Thousands of doses of Russian vaccine arrive in Hungary
Linda Kennedy in Budapest


Hungary's health experts are continuing to assess the use of the Russian COVID-19 vaccine, after 6,000 doses arrived in the country. 

The news comes as almost 5,000 healthcare workers in Hungary are being vaccinated by the approved Pzifer-BioNTech vaccine as part of the European Union-wide roll-out. The first jab was given a day earlier than in most European countries, on Saturday, at South Pest Hospital in Budapest. 

A virtual media conference held by Hungary's government revealed large-scale vaccinations won't start in the country until well into 2021 and indicated the country is still looking East as well as West to source vaccines.  



Agnes Galgoczi, of Hungary's National Public Health Centre, said: "This first shipment of [Pfizer] vaccines contains 9,750 doses, to vaccinate 4,875 people. They are mostly healthcare workers."

She added: "In the first half of 2021, more kinds of vaccines are expected to get approval from the EMA, thus we can start mass vaccination, choosing from more available vaccines. 

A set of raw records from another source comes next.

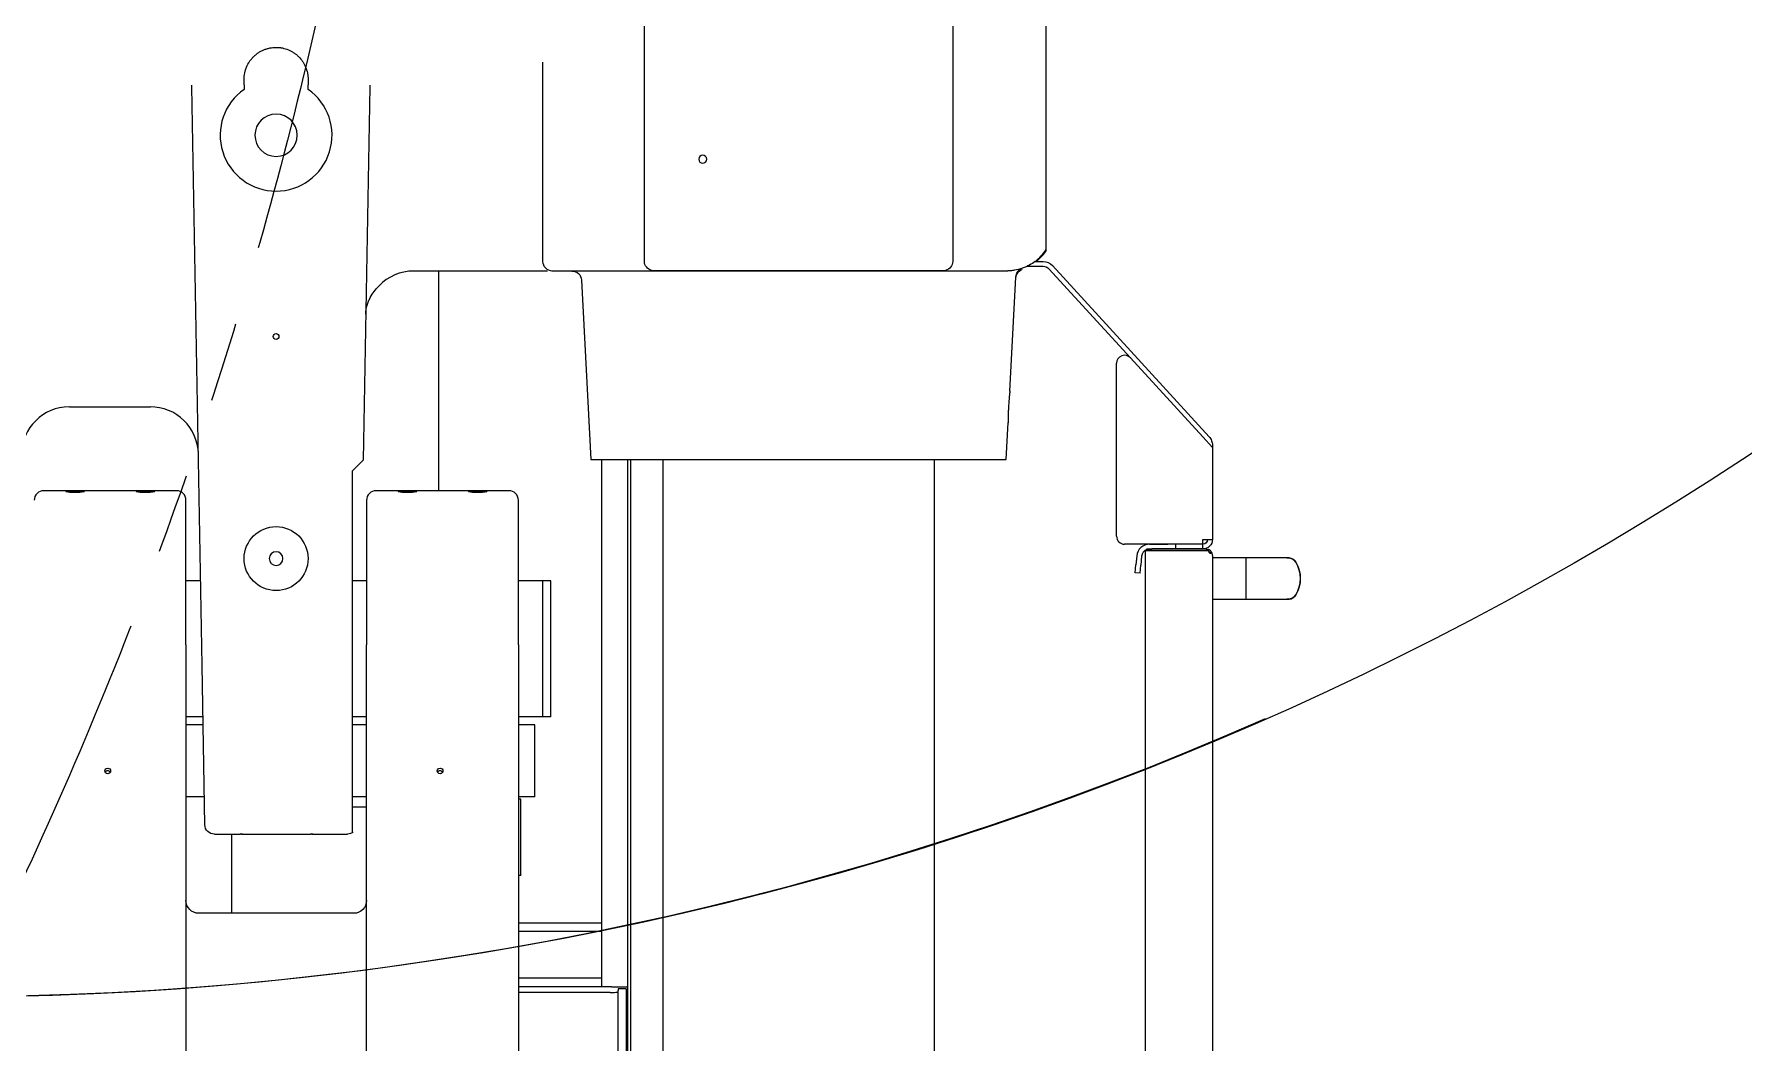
# Model space of a CAD drawing. Header units: millimetres. Extents: x 10462777 to 22643323, y 453826 to 1389191.
# Drawn here: x 11291164 to 11292234, y 582196 to 582828 of the extents above; entities that cross this region are included whole.
import ezdxf

# ---------------------------------------------------------------- set-up
doc = ezdxf.new("R2010")
doc.units = ezdxf.units.MM
doc.header["$LTSCALE"] = 200
doc.header["$MEASUREMENT"] = 0
doc.linetypes.add('PHANTOM', pattern=[2.5, 1.25, -0.25, 0.25, -0.25, 0.25, -0.25])
doc.layers.get('0').update_dxf_attribs({"linetype": 'CONTINUOUS'})
for name, color, linetype in [('2', 2, 'CONTINUOUS'), ('5', 4, 'CONTINUOUS'), ('DV1_DEFAULT', 7, 'CONTINUOUS')]:
    doc.layers.add(name, color=color, linetype=linetype)
doc.layers.add('LAYOUT', color=8, linetype='CONTINUOUS', lineweight=25)

# ---------------------------------------------------------------- blocks, each defined once
blk = doc.blocks.new('r710ic')
at = {"layer": 'DV1_DEFAULT', "color": 7, "linetype": 'Continuous', "lineweight": 0}
blk.add_arc((272041.4, 104232.6), 2050.1, 337.1057, 23.7991, dxfattribs=at)
at = {"layer": 'LAYOUT', "color": 3}
blk.add_circle((272041.4, 104232.6), 2050.1, dxfattribs=at)
blk = doc.blocks.new('A$C7DA30AB0')
at = {"layer": 'LAYOUT', "color": 6, "linetype": 'PHANTOM'}
blk.add_circle((3030.4, 3026, 0), 2693, dxfattribs=at)

msp = doc.modelspace()

# ---------------------------------------------------------------- linework, layer by layer
at = {"layer": '2', "color": 124, "linetype": 'Continuous'}
for p, q in [((11291739.37272, 583034.4183, 0), (11291739.37272, 582685.41335, 0)), ((11291797.88209, 582692.83033, 0), (11291797.88209, 583034.4183, 0)), ((11291546.38704, 582685.41335, 0), (11291546.38704, 582889.2026, 0)), ((11291482.87761, 582685.41335, 0), (11291482.87761, 582810.16343, 0)), ((11291269.53091, 582432.53362, 0), (11291263.20822, 582794.76048, 0)), ((11291295.87495, 582795.95448, 0), (11291295.87495, 582799.41497, 0)), ((11291295.87495, 582795.95448, 0), (11291295.87495, 582793.13769, 0)), ((11291335.87552, 582799.41497, 0), (11291335.87552, 582795.95448, 0)), ((11291335.87552, 582793.13769, 0), (11291335.87552, 582795.95448, 0)), ((11291374.54235, 582794.76048, 0), (11291370.46378, 582561.09934, 0)), ((11291476.87753, 582679.41326, 0), (11291402.01029, 582679.41326, 0)), ((11291488.8777, 582679.41326, 0), (11291488.52878, 582679.41326, 0)), ((11291552.73799, 582679.41326, 0), (11291488.8777, 582679.41326, 0)), ((11291733.02178, 582679.49718, 0), (11291552.73799, 582679.49718, 0)), ((11291733.02178, 582679.41326, 0), (11291552.73799, 582679.41326, 0)), ((11291772.88173, 582679.41326, 0), (11291733.02178, 582679.41326, 0)), ((11291775.12875, 582604.28723, 0), (11291778.86488, 582675.57698, 0)), ((11291782.82352, 582680.46877, 0), (11291782.84071, 582680.47029, 0)), ((11291506.99183, 582673.7272, 0), (11291512.87804, 582561.41158, 0)), ((11291186.52355, 582594.41205, 0), (11291237.22397, 582594.41205, 0)), ((11291772.88173, 582561.41158, 0), (11291774.0938, 582584.5393, 0)), ((11291364.35803, 582554.9936, 0), (11291370.46378, 582561.09934, 0)), ((11291512.87804, 582561.41158, 0), (11291642.87988, 582561.41158, 0)), ((11291642.87988, 582561.41158, 0), (11291772.88173, 582561.41158, 0)), ((11291363.77592, 582554.41149, 0), (11291364.35803, 582554.9936, 0)), ((11291363.77592, 582521.64454, 0), (11291363.77592, 582554.41149, 0)), ((11291363.77592, 582432.51006, 0), (11291363.77592, 582521.64454, 0)), ((11291271.2717, 582332.80362, 0), (11291269.53091, 582432.53362, 0)), ((11291277.27087, 582326.90825, 0), (11291289.43246, 582326.90825, 0)), ((11291298.368, 582326.90825, 0), (11291333.43309, 582326.90825, 0)), ((11291342.36863, 582326.90825, 0), (11291360.47969, 582326.90825, 0))]:
    msp.add_line(p, q, dxfattribs=at)
at = {"layer": '2', "color": 252, "linetype": 'Continuous'}
for p, q in [((11291417.78669, 582541.91383, 0), (11291417.78669, 582679.41288, 0)), ((11291519.62813, 582231.41402, 0), (11291519.62813, 582561.41805, 0)), ((11291535.87836, 582561.35424, 0), (11291535.87836, 581835.96081, 0)), ((11291537.87839, 581835.92831, 0), (11291537.87839, 582561.3569, 0)), ((11291557.93118, 582561.35677, 0), (11291557.93118, 581210.93165, 0)), ((11291727.82859, 581210.93165, 0), (11291727.82859, 582561.35677, 0)), ((11291253.47435, 582541.91131, 0), (11291170.47317, 582541.91131, 0)), ((11291461.47731, 582541.91131, 0), (11291378.47613, 582541.91131, 0)), ((11291259.47444, 582445.34482, 0), (11291259.47444, 582535.91122, 0)), ((11291372.47604, 582535.91122, 0), (11291372.47604, 582445.34482, 0)), ((11291467.47739, 582445.34482, 0), (11291467.47739, 582535.91122, 0)), ((11291268.60793, 582485.41051, 0), (11291259.46522, 582485.41051, 0)), ((11291372.46909, 582485.41051, 0), (11291363.77467, 582485.41051, 0)), ((11291482.87761, 582485.41051, 0), (11291467.47067, 582485.41051, 0)), ((11291487.87768, 582485.41051, 0), (11291482.87761, 582485.41051, 0)), ((11291482.87761, 582400.4093, 0), (11291482.87761, 582485.41051, 0)), ((11291487.87768, 582400.4093, 0), (11291487.87768, 582485.41051, 0)), ((11291259.47444, 582445.34482, 0), (11291259.47444, 581853.79938, 0)), ((11291372.47604, 581853.79938, 0), (11291372.47604, 582445.34482, 0)), ((11291467.47739, 582445.34482, 0), (11291467.47739, 581853.79938, 0)), ((11291270.08256, 582400.4093, 0), (11291259.46522, 582400.4093, 0)), ((11291372.46909, 582400.4093, 0), (11291363.77467, 582400.4093, 0)), ((11291482.87761, 582400.4093, 0), (11291467.47067, 582400.4093, 0)), ((11291487.87768, 582400.4093, 0), (11291482.87761, 582400.4093, 0)), ((11291270.17958, 582395.25922, 0), (11291259.47365, 582395.25922, 0)), ((11291372.48596, 582395.25922, 0), (11291363.81633, 582395.25922, 0)), ((11291477.87754, 582395.25922, 0), (11291467.48181, 582395.25922, 0)), ((11291477.87754, 582350.25859, 0), (11291477.87754, 582395.25922, 0)), ((11291270.96526, 582350.25859, 0), (11291259.47365, 582350.25859, 0)), ((11291372.47841, 582343.73063, 0), (11291363.78805, 582343.73063, 0)), ((11291372.48596, 582350.25859, 0), (11291363.81633, 582350.25859, 0)), ((11291468.97741, 582348.77662, 0), (11291467.47739, 582348.77662, 0)), ((11291477.87754, 582350.25859, 0), (11291467.48181, 582350.25859, 0)), ((11291468.97741, 582343.42294, 0), (11291468.97741, 582348.77662, 0)), ((11291468.97741, 582325.52745, 0), (11291468.97741, 582343.42294, 0)), ((11291287.87484, 582326.90825, 0), (11291287.87484, 582277.36802, 0)), ((11291468.97741, 582318.91588, 0), (11291468.97741, 582325.52745, 0)), ((11291468.97741, 582301.35518, 0), (11291468.97741, 582318.91588, 0)), ((11291467.47739, 582301.32026, 0), (11291468.97741, 582301.32026, 0)), ((11291468.97741, 582301.35518, 0), (11291468.97741, 582301.32026, 0)), ((11291364.47593, 582277.36881, 0), (11291267.47455, 582277.36881, 0)), ((11291467.4688, 582271.40747, 0), (11291519.62101, 582271.40747, 0)), ((11291519.62196, 582265.90739, 0), (11291467.46975, 582265.90739, 0)), ((11291467.46975, 582236.90698, 0), (11291519.62196, 582236.90698, 0)), ((11291524.87821, 582227.85852, 0), (11291467.47474, 582227.85852, 0)), ((11291525.87822, 582231.4069, 0), (11291467.47495, 582231.4069, 0)), ((11291525.87822, 582231.4069, 0), (11291535.87836, 582231.4069, 0)), ((11291534.87835, 582230.11367, 0), (11291529.87828, 582230.11367, 0)), ((11291529.87828, 582230.11367, 0), (11291529.87828, 582229.11366, 0)), ((11291529.87828, 581835.90497, 0), (11291529.87828, 582229.11366, 0)), ((11291534.87835, 582230.11367, 0), (11291534.87835, 582229.11366, 0)), ((11291534.87835, 582229.11366, 0), (11291534.87835, 581835.90497, 0)), ((11291535.87836, 582221.40676, 0), (11291534.87829, 582221.40676, 0))]:
    msp.add_line(p, q, dxfattribs=at)
at = {"layer": '2', "color": 124, "linetype": 'Continuous', "extrusion": (0, 0, -1)}
for centre, radius in [((-11291315.87524, 582764.41447, 0), 13.25019), ((-11291582.87903, 582749.41426, 0), 2.50004), ((-11291315.87524, 582499.4107, 0), 4.25006)]:
    msp.add_circle(centre, radius, dxfattribs=at)
at = {"layer": '2', "color": 124, "linetype": 'Continuous'}
for centre, radius in [((11291315.87524, 582638.41268, 0), 1.80003), ((11291315.87524, 582499.4107, 0), 20.00028)]:
    msp.add_circle(centre, radius, dxfattribs=at)
for centre, radius, start, end in [((11291315.87524, 582764.41447, 0), 35.0005, 124.84990454, 55.15009546), ((11291772.88173, 582709.41369, 0), 30.00043, 306.86989762, 326.44269011), ((11291402.01029, 582649.41283, 0), 30.00043, 90, 136.65194947), ((11291186.52355, 582564.41163, 0), 30.00043, 90.40924536, 179.00000004), ((11291237.22397, 582564.41163, 0), 30.00043, 0.99999996, 90.51429379)]:
    msp.add_arc(centre, radius, start, end, dxfattribs=at)
at = {"layer": '2', "color": 124, "linetype": 'Continuous', "extrusion": (0, 0, -1)}
for centre, radius, start, end in [((-11291488.8777, 582685.41335, 0), 6.00009, 270, 0), ((-11291500.99996, 582673.41318, 0), 6.00009, 90, 176.99999995), ((-11291552.73799, 582685.41335, 0), 5.91616, 270, 287.02386622), ((-11291733.02178, 582685.41335, 0), 5.91616, 252.97613378, 270), ((-11291277.27087, 582332.90834, 0), 6.00009, 270.00146305, 359.00000004), ((-11291360.47969, 582332.90834, 0), 6.00009, 231.7015156, 268.44733529)]:
    msp.add_arc(centre, radius, start, end, dxfattribs=at)
at = {"layer": '2', "color": 252, "linetype": 'Continuous'}
for centre, start, end in [((11291170.47317, 582535.91122, 0), 90, 180), ((11291253.47435, 582535.91122, 0), 0, 90), ((11291378.47613, 582535.91122, 0), 90, 180), ((11291461.47731, 582535.91122, 0), 0, 90)]:
    msp.add_arc(centre, 6.00009, start, end, dxfattribs=at)
at = {"layer": '2', "color": 252, "linetype": 'Continuous', "extrusion": (0, 0, -1)}
for centre, start, end in [((-11291267.47455, 582285.36892, 0), 270, 0), ((-11291364.47593, 582285.36892, 0), 180, 270)]:
    msp.add_arc(centre, 8.00011, start, end, dxfattribs=at)
at = {"layer": '2', "color": 124, "linetype": 'Continuous'}
for centre, major_axis, ratio, start_param, end_param in [((11291233.21252, 582794.23051, 0), (-0.62668, 36.79321), 0.815259867, 4.7129073025, 4.7413536118), ((11291404.53808, 582794.23051, 0), (-0.62667, -36.79323), 0.8152604061, 4.6834243064, 4.711870597), ((11291772.88173, 582708.77368, 0), (30.00043, 0), 0.9999930524, 5.3906382236, 5.7077559364)]:
    msp.add_ellipse(centre, major_axis=major_axis, ratio=ratio, start_param=start_param, end_param=end_param, dxfattribs=at)
at = {"layer": '2', "color": 124, "linetype": 'Continuous', "extrusion": (0, 0, -1)}
for centre, start_param, end_param in [((11291553.31534, 582685.41335, 0), 5.0522258898, 6.2831853072), ((11291732.44442, 582685.41335, 0), 3.1415926536, 4.3725520709)]:
    msp.add_ellipse(centre, major_axis=(-6.9283, 0), ratio=0.8660254038, start_param=start_param, end_param=end_param, dxfattribs=at)
at = {"layer": '2', "color": 172, "linetype": 'Continuous'}
for centre in [(11291188.47343, 582541.28564, 0), (11291191.47347, 582541.28564, 0), (11291232.47405, 582541.28564, 0), (11291235.4741, 582541.28564, 0), (11291396.47638, 582541.28564, 0), (11291399.47643, 582541.28564, 0), (11291440.47701, 582541.28564, 0), (11291443.47705, 582541.28564, 0)]:
    msp.add_ellipse(centre, major_axis=(-4.25006, 0), ratio=0.107732801, dxfattribs=at)
at = {"layer": '2', "color": 252, "linetype": 'Continuous'}
for centre in [(11291210.47374, 582366.4557, 0), (11291418.4767, 582366.4557, 0)]:
    msp.add_ellipse(centre, major_axis=(1.80003, 0), ratio=0.9941798849, dxfattribs=at)
for centre, major_axis, ratio, start_param, end_param in [((11291210.47374, 582364.73195, 0), (1.80003, 0), 0.9941798849, 0.5025544568, 2.6390345065), ((11291418.4767, 582364.73195, 0), (1.80003, 0), 0.9941798849, 0.5025544568, 2.6390345065), ((11291524.87821, 582227.98726, 0), (-5.00007, 0), 0.0257472053, 1.5707963268, 3.1415926536)]:
    msp.add_ellipse(centre, major_axis=major_axis, ratio=ratio, start_param=start_param, end_param=end_param, dxfattribs=at)
at = {"layer": '2', "color": 124, "linetype": 'Continuous'}
for points, knots in [([(11291295.87495, 582799.41497, 0), (11291295.87495, 582800.08237, 0), (11291295.90827, 582800.74299, 0), (11291296.03857, 582802.05128, 0), (11291296.13557, 582802.69896, 0), (11291296.3923, 582803.98162, 0), (11291296.55204, 582804.61661, 0), (11291296.7915, 582805.40239, 0), (11291296.84139, 582805.55915, 0), (11291296.94519, 582805.87187, 0), (11291296.99915, 582806.02796, 0), (11291297.16621, 582806.49253, 0), (11291297.2847, 582806.79804, 0), (11291297.91193, 582808.30522, 0), (11291298.52394, 582809.44631, 0), (11291299.42511, 582810.7952, 0), (11291299.61222, 582811.06107, 0), (11291300.00043, 582811.58493, 0), (11291300.20187, 582811.84327, 0), (11291300.82115, 582812.59866, 0), (11291301.25564, 582813.07862, 0), (11291302.16721, 582813.99297, 0), (11291302.64428, 582814.42733, 0), (11291303.64164, 582815.25064, 0), (11291304.16193, 582815.63958, 0), (11291304.97636, 582816.18795, 0), (11291305.25386, 582816.36504, 0), (11291305.81418, 582816.70351, 0), (11291306.09772, 582816.8654, 0), (11291306.9584, 582817.32938, 0), (11291307.5456, 582817.60982, 0), (11291308.74708, 582818.11323, 0), (11291309.36136, 582818.3362, 0), (11291310.3039, 582818.62641, 0), (11291310.62161, 582818.71576, 0), (11291311.26429, 582818.8793, 0), (11291311.59003, 582818.95361, 0), (11291313.2175, 582819.28233, 0), (11291314.52851, 582819.41346, 0), (11291316.50841, 582819.41612, 0), (11291317.17062, 582819.38442, 0), (11291318.00129, 582819.30263, 0), (11291318.16758, 582819.28415, 0), (11291318.49839, 582819.24318, 0), (11291318.66317, 582819.22068, 0), (11291319.15563, 582819.14719, 0), (11291319.48146, 582819.09021, 0), (11291321.09849, 582818.76618, 0), (11291322.35366, 582818.38287, 0), (11291323.87554, 582817.74841, 0), (11291324.17809, 582817.61338, 0), (11291324.77222, 582817.33042, 0), (11291325.06449, 582817.18223, 0), (11291325.92733, 582816.71796, 0), (11291326.48395, 582816.38221, 0), (11291327.56119, 582815.65907, 0), (11291328.08181, 582815.27166, 0), (11291328.83579, 582814.65115, 0), (11291329.08283, 582814.43755, 0), (11291329.56691, 582813.99771, 0), (11291329.80254, 582813.77279, 0), (11291330.94937, 582812.62363, 0), (11291331.76773, 582811.6264, 0), (11291332.66946, 582810.28099, 0), (11291332.84368, 582810.00691, 0), (11291333.17971, 582809.44855, 0), (11291333.34182, 582809.16368, 0), (11291333.8069, 582808.29734, 0), (11291334.08654, 582807.70849, 0), (11291334.83668, 582805.90844, 0), (11291335.21933, 582804.66408, 0), (11291335.5452, 582803.04988, 0), (11291335.60272, 582802.72379, 0), (11291335.70174, 582802.0667, 0), (11291335.74301, 582801.73729, 0), (11291335.84219, 582800.74647, 0), (11291335.87552, 582800.08247, 0), (11291335.87552, 582799.41497, 0)], [0, 0, 0, 0, 0.03125, 0.03125, 0.0625, 0.0625, 0.09375, 0.09375, 0.1015625, 0.1015625, 0.109375, 0.109375, 0.125, 0.125, 0.1875, 0.1875, 0.203125, 0.203125, 0.21875, 0.21875, 0.25, 0.25, 0.28125, 0.28125, 0.3125, 0.3125, 0.328125, 0.328125, 0.34375, 0.34375, 0.375, 0.375, 0.40625, 0.40625, 0.421875, 0.421875, 0.4375, 0.4375, 0.5, 0.5, 0.53125, 0.53125, 0.5390625, 0.5390625, 0.546875, 0.546875, 0.5625, 0.5625, 0.625, 0.625, 0.640625, 0.640625, 0.65625, 0.65625, 0.6875, 0.6875, 0.71875, 0.71875, 0.734375, 0.734375, 0.75, 0.75, 0.8125, 0.8125, 0.828125, 0.828125, 0.84375, 0.84375, 0.875, 0.875, 0.9375, 0.9375, 0.953125, 0.953125, 0.96875, 0.96875, 1, 1, 1, 1]), ([(11291485.70101, 582679.41326, 0), (11291485.61485, 582679.41326, 0), (11291485.52749, 582679.41326, 0), (11291484.96955, 582679.41326, 0), (11291484.46803, 582679.41326, 0), (11291482.88954, 582679.41326, 0), (11291481.74099, 582679.41326, 0), (11291479.95118, 582679.41326, 0), (11291479.34319, 582679.41326, 0), (11291478.42277, 582679.41326, 0), (11291478.11456, 582679.41326, 0), (11291477.49672, 582679.41326, 0), (11291477.18645, 582679.41326, 0), (11291476.87753, 582679.41326, 0)], [0, 0, 0, 0, 0.0363308524, 0.0363308524, 0.2290646819, 0.2290646819, 0.614532341, 0.614532341, 0.8072661705, 0.8072661705, 0.9036330852, 0.9036330852, 1, 1, 1, 1]), ([(11291790.88199, 582685.41335, 0), (11291789.81071, 582684.60989, 0), (11291788.60699, 582683.81999, 0), (11291786.61303, 582682.7294, 0), (11291785.91708, 582682.38151, 0), (11291784.82856, 582681.89175, 0), (11291784.4583, 582681.73384, 0), (11291783.70343, 582681.43009, 0), (11291783.31988, 582681.28469, 0), (11291781.37819, 582680.59436, 0), (11291779.74354, 582680.15843, 0), (11291777.21502, 582679.71553, 0), (11291776.35947, 582679.60289, 0), (11291775.06323, 582679.48954, 0), (11291774.629, 582679.46101, 0), (11291773.97525, 582679.4324, 0), (11291773.64776, 582679.42165, 0), (11291773.31953, 582679.41626, 0), (11291773.10056, 582679.41386, 0), (11291772.99056, 582679.41326, 0), (11291772.88173, 582679.41326, 0)], [0, 0, 0, 0, 0.25, 0.25, 0.375, 0.375, 0.4375, 0.4375, 0.5, 0.5, 0.75, 0.75, 0.875, 0.875, 0.9375, 0.9375, 0.96875, 0.984375, 0.984375, 1, 1, 1, 1]), ([(11291778.88371, 582675.66712, 0), (11291778.87762, 582675.70774, 0), (11291778.7955, 582676.32743, 0), (11291779.16261, 582677.44137, 0), (11291779.80106, 582678.76532, 0), (11291780.5885, 582679.69079, 0), (11291781.2758, 582680.26027, 0), (11291781.74815, 582680.56615, 0), (11291782.08425, 582680.75178, 0), (11291782.35803, 582680.88085, 0), (11291782.47039, 582680.93349, 0), (11291782.4717, 582680.92737, 0)], [0, 0, 0, 0, 0.0117087833, 0.1789215288, 0.3191025446, 0.4376293103, 0.5315949855, 0.6030831925, 0.6774494301, 0.790067629, 1, 1, 1, 1]), ([(11291778.94879, 582675.07159, 0), (11291778.91338, 582675.40249, 0), (11291778.91131, 582676.32735, 0), (11291779.49145, 582677.68745, 0), (11291780.38718, 582678.92706, 0), (11291781.35766, 582679.74947, 0), (11291782.01065, 582680.11694, 0), (11291782.31584, 582680.25645, 0)], [0, 0, 0, 0, 0.148186079, 0.4247901512, 0.6535588974, 0.8469125155, 1, 1, 1, 1]), ([(11291372.05747, 582652.40194, 0), (11291372.0926, 582654.41473, 0), (11291372.38489, 582656.27952, 0), (11291372.98665, 582658.4515, 0), (11291373.11936, 582658.879, 0), (11291373.40445, 582659.71165, 0), (11291373.5568, 582660.11702, 0), (11291374.03975, 582661.30298, 0), (11291374.39616, 582662.05347, 0), (11291375.54452, 582664.20223, 0), (11291376.41546, 582665.4984, 0), (11291378.25748, 582667.88966, 0), (11291379.22972, 582668.98437, 0), (11291380.19406, 582670.00598, 0)], [0, 0, 0, 0, 0.25, 0.25, 0.3125, 0.3125, 0.375, 0.375, 0.5, 0.5, 0.75, 0.75, 1, 1, 1, 1]), ([(11291775.1353, 582604.41219, 0), (11291775.13523, 582604.41165, 0), (11291775.12702, 582604.34789, 0), (11291775.10668, 582604.18722, 0), (11291775.10209, 582604.15085, 0), (11291775.09199, 582604.07058, 0), (11291775.08648, 582604.02664, 0), (11291775.06864, 582603.88368, 0), (11291775.04135, 582603.66334, 0), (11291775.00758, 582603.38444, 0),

"The Hungarian government has secured 17.5 million doses of vaccines, not only from Pfizer but from Moderna, Janssen, CureVac, Sanofi, AstraZeneca and NovaVax. 

"Of course, these can be only used if they get the EMA's approval. Besides that, Hungary is looking into Russian and Chinese vaccines, too."

An additional 6,000 vials of the Russian vaccine arrived in Hungary on Monday. The doses were taken by truck to the National Public Health Centre where, it was announced, Hungarian professionals would have "another opportunity to decide how to use the vaccine."

In November, Hungary was the first European country to receive samples of the Russian vaccine.  

Any drug marketed in EU member states must be approved by the European Medicines Agency. The Russian vaccine has not been. 

A recent survey reveals only around 15 percent of Hungarians have plans to get immunized when the COVID-19 vaccines become available locally. The report, by the Central Statistical Office, was conducted in the first week of December. 

Around 21 percent of respondents said they "didn't know" if they would get vaccinated and 28 percent said they would "maybe" get vaccinated. 

Around 36 percent said they had no plans to get the COVID-19 vaccine.